Kita semua paham. Rakyat Indonesia pun paham. Setidaknya, bila kita menggunakan pendekatan (teori) konspirasi, maka akan muncul analisis, siapa menunggangi siapa, dengan tujuan untuk apa. Analisis ini, tidaklah asing dalam telinga dan narasi yang dibangun di negeri kita ini. Rakyat kita, dan media kita, tampaknya sudah mahir dalam membaca dan memahami masalah serupa ini. 

Pengalaman kita dalam beberapa tahun terakhir, setidaknya sejak meletusnya gerakan Mahasiswa 98, kemurnian gerakan mahasiswa ini kerap dijadikan sorotan. Bagi kedua belah pihak, yakni tertuduh maupun yang menuduh, kerap dihadirkan pada situasi yang sulit dan menyulitkan.  Khususnya, saat ada penunggang gelap terhadap gerakan tersebut, maka misi dan orientasi gerakan nurani mahasiswa itu kemudian menjadi 'buyar' dibuatnya. Sehubungan hal ini, maka harapan terhadap gerakan sosial kali ini pun, diharapkan masih tetap berada pada nurani pendemokrasian bangsa Indonesia.

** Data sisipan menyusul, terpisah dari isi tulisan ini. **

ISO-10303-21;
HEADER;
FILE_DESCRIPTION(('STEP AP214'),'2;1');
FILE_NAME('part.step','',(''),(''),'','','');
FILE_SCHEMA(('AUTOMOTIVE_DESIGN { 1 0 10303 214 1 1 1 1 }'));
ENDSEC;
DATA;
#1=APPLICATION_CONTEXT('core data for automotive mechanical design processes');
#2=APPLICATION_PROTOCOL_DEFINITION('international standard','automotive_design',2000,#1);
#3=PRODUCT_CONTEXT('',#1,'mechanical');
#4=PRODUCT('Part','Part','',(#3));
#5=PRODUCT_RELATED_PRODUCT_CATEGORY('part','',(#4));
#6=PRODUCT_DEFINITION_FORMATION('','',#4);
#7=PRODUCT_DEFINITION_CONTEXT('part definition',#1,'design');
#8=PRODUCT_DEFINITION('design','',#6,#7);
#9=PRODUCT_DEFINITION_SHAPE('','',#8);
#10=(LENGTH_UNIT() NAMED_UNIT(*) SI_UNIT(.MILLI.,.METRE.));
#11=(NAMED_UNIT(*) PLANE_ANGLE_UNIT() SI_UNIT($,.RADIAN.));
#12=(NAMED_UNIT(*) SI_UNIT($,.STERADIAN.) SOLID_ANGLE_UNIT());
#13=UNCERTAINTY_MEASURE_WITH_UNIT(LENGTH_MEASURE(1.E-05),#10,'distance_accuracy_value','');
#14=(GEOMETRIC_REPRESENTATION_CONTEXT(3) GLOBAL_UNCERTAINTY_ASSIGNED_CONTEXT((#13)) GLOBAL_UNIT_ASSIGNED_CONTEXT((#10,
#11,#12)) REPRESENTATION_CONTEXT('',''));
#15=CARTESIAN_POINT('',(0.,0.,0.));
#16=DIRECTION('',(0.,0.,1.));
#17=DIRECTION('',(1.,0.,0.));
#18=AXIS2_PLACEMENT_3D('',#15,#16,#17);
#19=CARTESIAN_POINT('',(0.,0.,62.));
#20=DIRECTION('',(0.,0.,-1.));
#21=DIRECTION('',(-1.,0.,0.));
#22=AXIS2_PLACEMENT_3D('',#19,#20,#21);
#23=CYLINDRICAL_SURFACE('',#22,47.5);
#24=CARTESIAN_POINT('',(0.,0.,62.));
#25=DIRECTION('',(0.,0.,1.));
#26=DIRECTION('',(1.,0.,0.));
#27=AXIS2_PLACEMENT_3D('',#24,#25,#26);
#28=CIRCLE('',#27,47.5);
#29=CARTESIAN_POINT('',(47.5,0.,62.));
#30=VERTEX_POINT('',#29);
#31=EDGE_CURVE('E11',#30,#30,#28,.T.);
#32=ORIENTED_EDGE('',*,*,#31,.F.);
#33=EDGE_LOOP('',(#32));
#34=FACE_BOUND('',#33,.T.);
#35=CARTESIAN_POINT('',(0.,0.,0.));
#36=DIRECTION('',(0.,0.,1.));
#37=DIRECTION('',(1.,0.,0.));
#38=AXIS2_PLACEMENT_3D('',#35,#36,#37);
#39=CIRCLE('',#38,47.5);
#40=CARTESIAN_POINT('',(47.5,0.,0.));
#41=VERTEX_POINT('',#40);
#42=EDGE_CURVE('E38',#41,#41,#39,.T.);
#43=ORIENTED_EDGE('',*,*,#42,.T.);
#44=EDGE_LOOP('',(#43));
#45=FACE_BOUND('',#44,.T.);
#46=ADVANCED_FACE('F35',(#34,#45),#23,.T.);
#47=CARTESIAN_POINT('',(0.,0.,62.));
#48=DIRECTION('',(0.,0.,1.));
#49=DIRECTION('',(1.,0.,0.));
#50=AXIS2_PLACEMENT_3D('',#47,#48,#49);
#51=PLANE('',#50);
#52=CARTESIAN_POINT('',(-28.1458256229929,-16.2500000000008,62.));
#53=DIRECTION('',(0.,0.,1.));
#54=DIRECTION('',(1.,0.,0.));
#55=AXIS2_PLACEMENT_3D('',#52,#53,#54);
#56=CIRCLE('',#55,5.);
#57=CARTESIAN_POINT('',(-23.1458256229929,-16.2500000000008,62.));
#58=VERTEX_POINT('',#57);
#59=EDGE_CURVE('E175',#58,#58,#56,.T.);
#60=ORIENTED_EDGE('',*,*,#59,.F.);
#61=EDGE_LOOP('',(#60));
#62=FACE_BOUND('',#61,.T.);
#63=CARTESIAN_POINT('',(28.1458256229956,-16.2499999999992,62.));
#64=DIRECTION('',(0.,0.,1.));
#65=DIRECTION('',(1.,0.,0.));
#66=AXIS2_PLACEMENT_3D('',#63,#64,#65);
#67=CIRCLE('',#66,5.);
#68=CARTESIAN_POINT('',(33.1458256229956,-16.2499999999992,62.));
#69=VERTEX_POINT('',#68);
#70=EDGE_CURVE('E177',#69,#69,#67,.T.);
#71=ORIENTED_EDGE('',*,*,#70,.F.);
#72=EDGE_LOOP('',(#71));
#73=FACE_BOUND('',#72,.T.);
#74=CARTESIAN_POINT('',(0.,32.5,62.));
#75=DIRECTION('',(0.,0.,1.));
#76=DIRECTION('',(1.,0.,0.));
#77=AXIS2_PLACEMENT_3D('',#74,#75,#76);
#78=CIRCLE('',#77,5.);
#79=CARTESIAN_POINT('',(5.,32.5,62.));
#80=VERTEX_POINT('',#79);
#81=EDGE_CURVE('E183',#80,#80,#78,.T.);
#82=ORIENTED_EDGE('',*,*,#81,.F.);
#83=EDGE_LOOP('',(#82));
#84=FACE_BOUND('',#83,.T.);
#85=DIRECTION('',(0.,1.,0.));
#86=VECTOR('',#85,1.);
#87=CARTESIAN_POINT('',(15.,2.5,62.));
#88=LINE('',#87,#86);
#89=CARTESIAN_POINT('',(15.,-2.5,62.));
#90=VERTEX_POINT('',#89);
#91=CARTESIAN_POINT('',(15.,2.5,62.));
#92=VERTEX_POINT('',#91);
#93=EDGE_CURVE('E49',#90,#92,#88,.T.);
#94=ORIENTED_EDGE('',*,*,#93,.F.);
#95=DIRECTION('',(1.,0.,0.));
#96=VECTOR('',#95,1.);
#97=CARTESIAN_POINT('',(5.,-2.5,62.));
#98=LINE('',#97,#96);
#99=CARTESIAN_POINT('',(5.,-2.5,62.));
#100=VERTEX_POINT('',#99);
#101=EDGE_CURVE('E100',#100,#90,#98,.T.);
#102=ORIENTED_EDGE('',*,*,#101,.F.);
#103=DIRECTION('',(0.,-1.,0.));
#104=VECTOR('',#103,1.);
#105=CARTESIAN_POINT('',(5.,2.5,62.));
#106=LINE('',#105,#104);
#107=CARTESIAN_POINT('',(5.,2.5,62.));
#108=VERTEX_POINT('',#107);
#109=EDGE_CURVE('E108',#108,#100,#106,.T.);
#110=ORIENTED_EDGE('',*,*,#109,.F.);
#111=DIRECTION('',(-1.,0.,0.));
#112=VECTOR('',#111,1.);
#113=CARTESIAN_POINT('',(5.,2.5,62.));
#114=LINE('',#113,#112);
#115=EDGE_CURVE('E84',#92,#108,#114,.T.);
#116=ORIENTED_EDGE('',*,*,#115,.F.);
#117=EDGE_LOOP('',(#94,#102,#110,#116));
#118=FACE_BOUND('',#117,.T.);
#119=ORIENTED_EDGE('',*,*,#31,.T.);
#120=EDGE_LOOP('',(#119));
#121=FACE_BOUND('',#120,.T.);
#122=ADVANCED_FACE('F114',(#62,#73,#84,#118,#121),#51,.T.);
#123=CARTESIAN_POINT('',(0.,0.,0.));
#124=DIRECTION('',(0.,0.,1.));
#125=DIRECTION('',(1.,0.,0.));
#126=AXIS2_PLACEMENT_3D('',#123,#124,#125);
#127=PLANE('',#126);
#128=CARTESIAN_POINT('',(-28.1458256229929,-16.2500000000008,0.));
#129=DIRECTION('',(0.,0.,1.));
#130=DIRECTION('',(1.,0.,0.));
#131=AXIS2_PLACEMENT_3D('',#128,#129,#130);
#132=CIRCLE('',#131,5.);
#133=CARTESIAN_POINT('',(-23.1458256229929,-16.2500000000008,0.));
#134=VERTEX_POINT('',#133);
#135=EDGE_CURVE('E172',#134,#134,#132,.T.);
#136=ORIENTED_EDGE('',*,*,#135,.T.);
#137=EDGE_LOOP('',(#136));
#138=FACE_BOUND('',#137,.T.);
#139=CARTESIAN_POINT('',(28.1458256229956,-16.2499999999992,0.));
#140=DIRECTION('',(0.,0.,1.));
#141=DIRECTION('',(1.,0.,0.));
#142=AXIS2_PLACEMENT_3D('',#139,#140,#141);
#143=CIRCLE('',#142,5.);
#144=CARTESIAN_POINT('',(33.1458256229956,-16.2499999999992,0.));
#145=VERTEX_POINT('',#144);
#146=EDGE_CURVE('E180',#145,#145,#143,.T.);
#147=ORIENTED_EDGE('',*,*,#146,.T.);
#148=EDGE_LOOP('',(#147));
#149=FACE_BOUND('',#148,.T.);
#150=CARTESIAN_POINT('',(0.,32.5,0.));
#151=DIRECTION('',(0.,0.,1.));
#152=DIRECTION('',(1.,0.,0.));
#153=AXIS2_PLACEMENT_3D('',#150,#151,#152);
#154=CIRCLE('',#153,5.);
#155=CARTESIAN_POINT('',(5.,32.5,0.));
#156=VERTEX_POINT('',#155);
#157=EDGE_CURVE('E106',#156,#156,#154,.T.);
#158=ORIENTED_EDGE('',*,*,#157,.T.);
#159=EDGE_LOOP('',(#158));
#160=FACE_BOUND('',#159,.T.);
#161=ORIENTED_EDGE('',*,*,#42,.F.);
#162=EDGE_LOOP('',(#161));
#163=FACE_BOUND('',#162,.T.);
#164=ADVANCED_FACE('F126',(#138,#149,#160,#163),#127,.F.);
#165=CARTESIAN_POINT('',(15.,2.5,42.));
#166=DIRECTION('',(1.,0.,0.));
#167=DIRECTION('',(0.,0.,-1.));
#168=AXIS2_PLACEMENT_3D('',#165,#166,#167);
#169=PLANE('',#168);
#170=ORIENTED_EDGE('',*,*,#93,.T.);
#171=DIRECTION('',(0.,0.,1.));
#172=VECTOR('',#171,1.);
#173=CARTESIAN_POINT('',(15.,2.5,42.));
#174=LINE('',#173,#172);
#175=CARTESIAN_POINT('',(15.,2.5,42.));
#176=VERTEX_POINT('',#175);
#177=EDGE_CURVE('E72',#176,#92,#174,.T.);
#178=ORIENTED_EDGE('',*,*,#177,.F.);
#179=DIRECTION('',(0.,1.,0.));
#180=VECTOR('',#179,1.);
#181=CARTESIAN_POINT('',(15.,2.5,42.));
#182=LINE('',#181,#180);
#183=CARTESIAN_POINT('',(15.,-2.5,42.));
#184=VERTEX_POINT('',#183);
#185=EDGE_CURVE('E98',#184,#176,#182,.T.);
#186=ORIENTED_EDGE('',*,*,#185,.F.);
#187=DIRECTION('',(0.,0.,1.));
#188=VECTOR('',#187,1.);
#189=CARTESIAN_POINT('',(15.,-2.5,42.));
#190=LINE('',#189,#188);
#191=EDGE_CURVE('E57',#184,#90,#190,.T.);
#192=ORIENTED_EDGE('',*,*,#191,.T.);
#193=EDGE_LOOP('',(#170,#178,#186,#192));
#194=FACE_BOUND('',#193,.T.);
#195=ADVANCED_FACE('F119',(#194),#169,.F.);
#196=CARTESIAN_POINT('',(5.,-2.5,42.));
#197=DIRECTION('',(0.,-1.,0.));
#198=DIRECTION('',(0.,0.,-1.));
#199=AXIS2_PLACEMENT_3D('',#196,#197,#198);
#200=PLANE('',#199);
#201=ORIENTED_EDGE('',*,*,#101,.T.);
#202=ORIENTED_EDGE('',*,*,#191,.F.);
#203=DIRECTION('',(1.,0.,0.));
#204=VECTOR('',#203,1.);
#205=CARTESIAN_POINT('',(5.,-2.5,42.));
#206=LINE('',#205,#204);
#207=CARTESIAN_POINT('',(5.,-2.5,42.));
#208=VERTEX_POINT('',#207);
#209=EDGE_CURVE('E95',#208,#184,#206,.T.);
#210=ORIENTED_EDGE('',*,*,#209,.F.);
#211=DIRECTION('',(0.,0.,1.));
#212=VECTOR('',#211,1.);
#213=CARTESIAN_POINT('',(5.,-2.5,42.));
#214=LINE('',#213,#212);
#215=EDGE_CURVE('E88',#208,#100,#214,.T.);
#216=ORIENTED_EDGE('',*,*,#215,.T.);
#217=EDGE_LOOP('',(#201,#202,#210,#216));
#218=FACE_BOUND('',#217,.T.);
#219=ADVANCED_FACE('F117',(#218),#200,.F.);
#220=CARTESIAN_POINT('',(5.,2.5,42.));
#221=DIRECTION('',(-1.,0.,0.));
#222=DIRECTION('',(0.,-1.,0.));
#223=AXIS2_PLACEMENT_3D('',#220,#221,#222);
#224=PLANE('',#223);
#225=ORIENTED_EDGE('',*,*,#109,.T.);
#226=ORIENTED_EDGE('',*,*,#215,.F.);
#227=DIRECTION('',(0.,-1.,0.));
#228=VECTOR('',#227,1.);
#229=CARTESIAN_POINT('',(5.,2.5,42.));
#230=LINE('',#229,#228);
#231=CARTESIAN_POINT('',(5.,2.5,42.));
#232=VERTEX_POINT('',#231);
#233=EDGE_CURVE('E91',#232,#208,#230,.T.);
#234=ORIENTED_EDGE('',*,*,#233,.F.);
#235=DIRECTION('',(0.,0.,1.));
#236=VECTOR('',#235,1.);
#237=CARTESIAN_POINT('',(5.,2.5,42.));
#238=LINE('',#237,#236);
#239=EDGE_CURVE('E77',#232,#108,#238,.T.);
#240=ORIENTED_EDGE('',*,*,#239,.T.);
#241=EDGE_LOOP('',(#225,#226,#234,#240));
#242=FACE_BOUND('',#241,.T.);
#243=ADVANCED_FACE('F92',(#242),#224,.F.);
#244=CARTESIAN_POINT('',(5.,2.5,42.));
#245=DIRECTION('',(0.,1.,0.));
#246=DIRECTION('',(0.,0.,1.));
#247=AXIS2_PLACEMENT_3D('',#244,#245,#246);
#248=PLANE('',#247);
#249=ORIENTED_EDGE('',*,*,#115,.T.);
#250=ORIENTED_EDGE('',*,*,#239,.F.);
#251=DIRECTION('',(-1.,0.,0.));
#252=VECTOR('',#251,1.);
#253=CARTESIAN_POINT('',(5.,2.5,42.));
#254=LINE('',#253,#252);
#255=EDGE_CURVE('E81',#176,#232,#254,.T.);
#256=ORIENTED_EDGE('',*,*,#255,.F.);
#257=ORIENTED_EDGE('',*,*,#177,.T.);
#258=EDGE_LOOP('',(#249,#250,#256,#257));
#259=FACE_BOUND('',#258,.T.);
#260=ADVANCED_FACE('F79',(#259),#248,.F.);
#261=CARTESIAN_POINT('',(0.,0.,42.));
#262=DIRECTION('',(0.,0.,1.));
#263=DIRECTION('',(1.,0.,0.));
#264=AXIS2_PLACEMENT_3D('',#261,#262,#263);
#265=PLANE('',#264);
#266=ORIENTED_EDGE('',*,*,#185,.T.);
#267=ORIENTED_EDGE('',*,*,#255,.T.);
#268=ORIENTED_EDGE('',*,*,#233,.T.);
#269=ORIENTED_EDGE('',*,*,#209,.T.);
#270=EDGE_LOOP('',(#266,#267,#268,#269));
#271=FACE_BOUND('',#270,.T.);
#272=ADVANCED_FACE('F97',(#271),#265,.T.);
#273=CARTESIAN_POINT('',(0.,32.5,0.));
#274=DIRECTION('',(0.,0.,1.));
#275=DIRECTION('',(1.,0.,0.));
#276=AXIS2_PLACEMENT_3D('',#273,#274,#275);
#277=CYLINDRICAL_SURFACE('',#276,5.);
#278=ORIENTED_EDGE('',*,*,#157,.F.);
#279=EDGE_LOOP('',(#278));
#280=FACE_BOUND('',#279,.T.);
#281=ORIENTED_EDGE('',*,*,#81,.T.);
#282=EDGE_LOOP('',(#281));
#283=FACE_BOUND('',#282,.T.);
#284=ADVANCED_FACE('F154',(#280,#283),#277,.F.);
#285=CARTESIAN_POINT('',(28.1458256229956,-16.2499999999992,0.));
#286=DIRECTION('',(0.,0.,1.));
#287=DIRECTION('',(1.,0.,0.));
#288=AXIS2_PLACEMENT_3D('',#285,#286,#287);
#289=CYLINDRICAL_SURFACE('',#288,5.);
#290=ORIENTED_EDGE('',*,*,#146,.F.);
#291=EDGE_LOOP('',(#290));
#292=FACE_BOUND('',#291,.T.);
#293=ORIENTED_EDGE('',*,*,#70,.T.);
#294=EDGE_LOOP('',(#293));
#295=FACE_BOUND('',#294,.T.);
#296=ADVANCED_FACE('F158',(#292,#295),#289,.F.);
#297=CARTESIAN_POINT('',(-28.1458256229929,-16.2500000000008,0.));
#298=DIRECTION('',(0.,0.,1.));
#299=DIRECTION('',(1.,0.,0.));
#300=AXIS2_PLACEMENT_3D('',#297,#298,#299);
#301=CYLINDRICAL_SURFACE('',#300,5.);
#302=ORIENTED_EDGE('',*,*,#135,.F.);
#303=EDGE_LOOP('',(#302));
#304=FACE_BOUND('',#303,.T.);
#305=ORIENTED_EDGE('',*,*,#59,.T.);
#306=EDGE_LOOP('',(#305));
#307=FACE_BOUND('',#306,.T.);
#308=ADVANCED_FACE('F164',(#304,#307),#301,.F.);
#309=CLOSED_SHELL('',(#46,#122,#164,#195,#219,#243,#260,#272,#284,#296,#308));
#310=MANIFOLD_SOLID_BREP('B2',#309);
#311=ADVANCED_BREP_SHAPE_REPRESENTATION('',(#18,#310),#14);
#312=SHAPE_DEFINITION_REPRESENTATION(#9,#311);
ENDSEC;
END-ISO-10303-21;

Di hari pertama munculnya pemberitaan demontrasi mahasiswa, narasi yang terbangun dan dibangun, masih murni. Gerakan sosial ini, diharapkan menjadi 'penjegal' terhadap pembegal-pembegal demokrasi, yang secara sistematis dan masif dianggap merusak demokrasi Bangsa Indonesia. Narasi yang dibangun demonstran, jelas dan tegas, bahwa ada kelompok tertentu yang berusaha merusak budaya demokrasi Indonesia. Baik melalui lembaga resmi, maupun melalui utak-atik regulasi, kelompo tertentu dipandangnya lebih mementingkan kekuasaan dan kepentingna kelompok sendiri, dibanding dengan tujuan untuk mematangkan demokrasi bangsa Indonesia.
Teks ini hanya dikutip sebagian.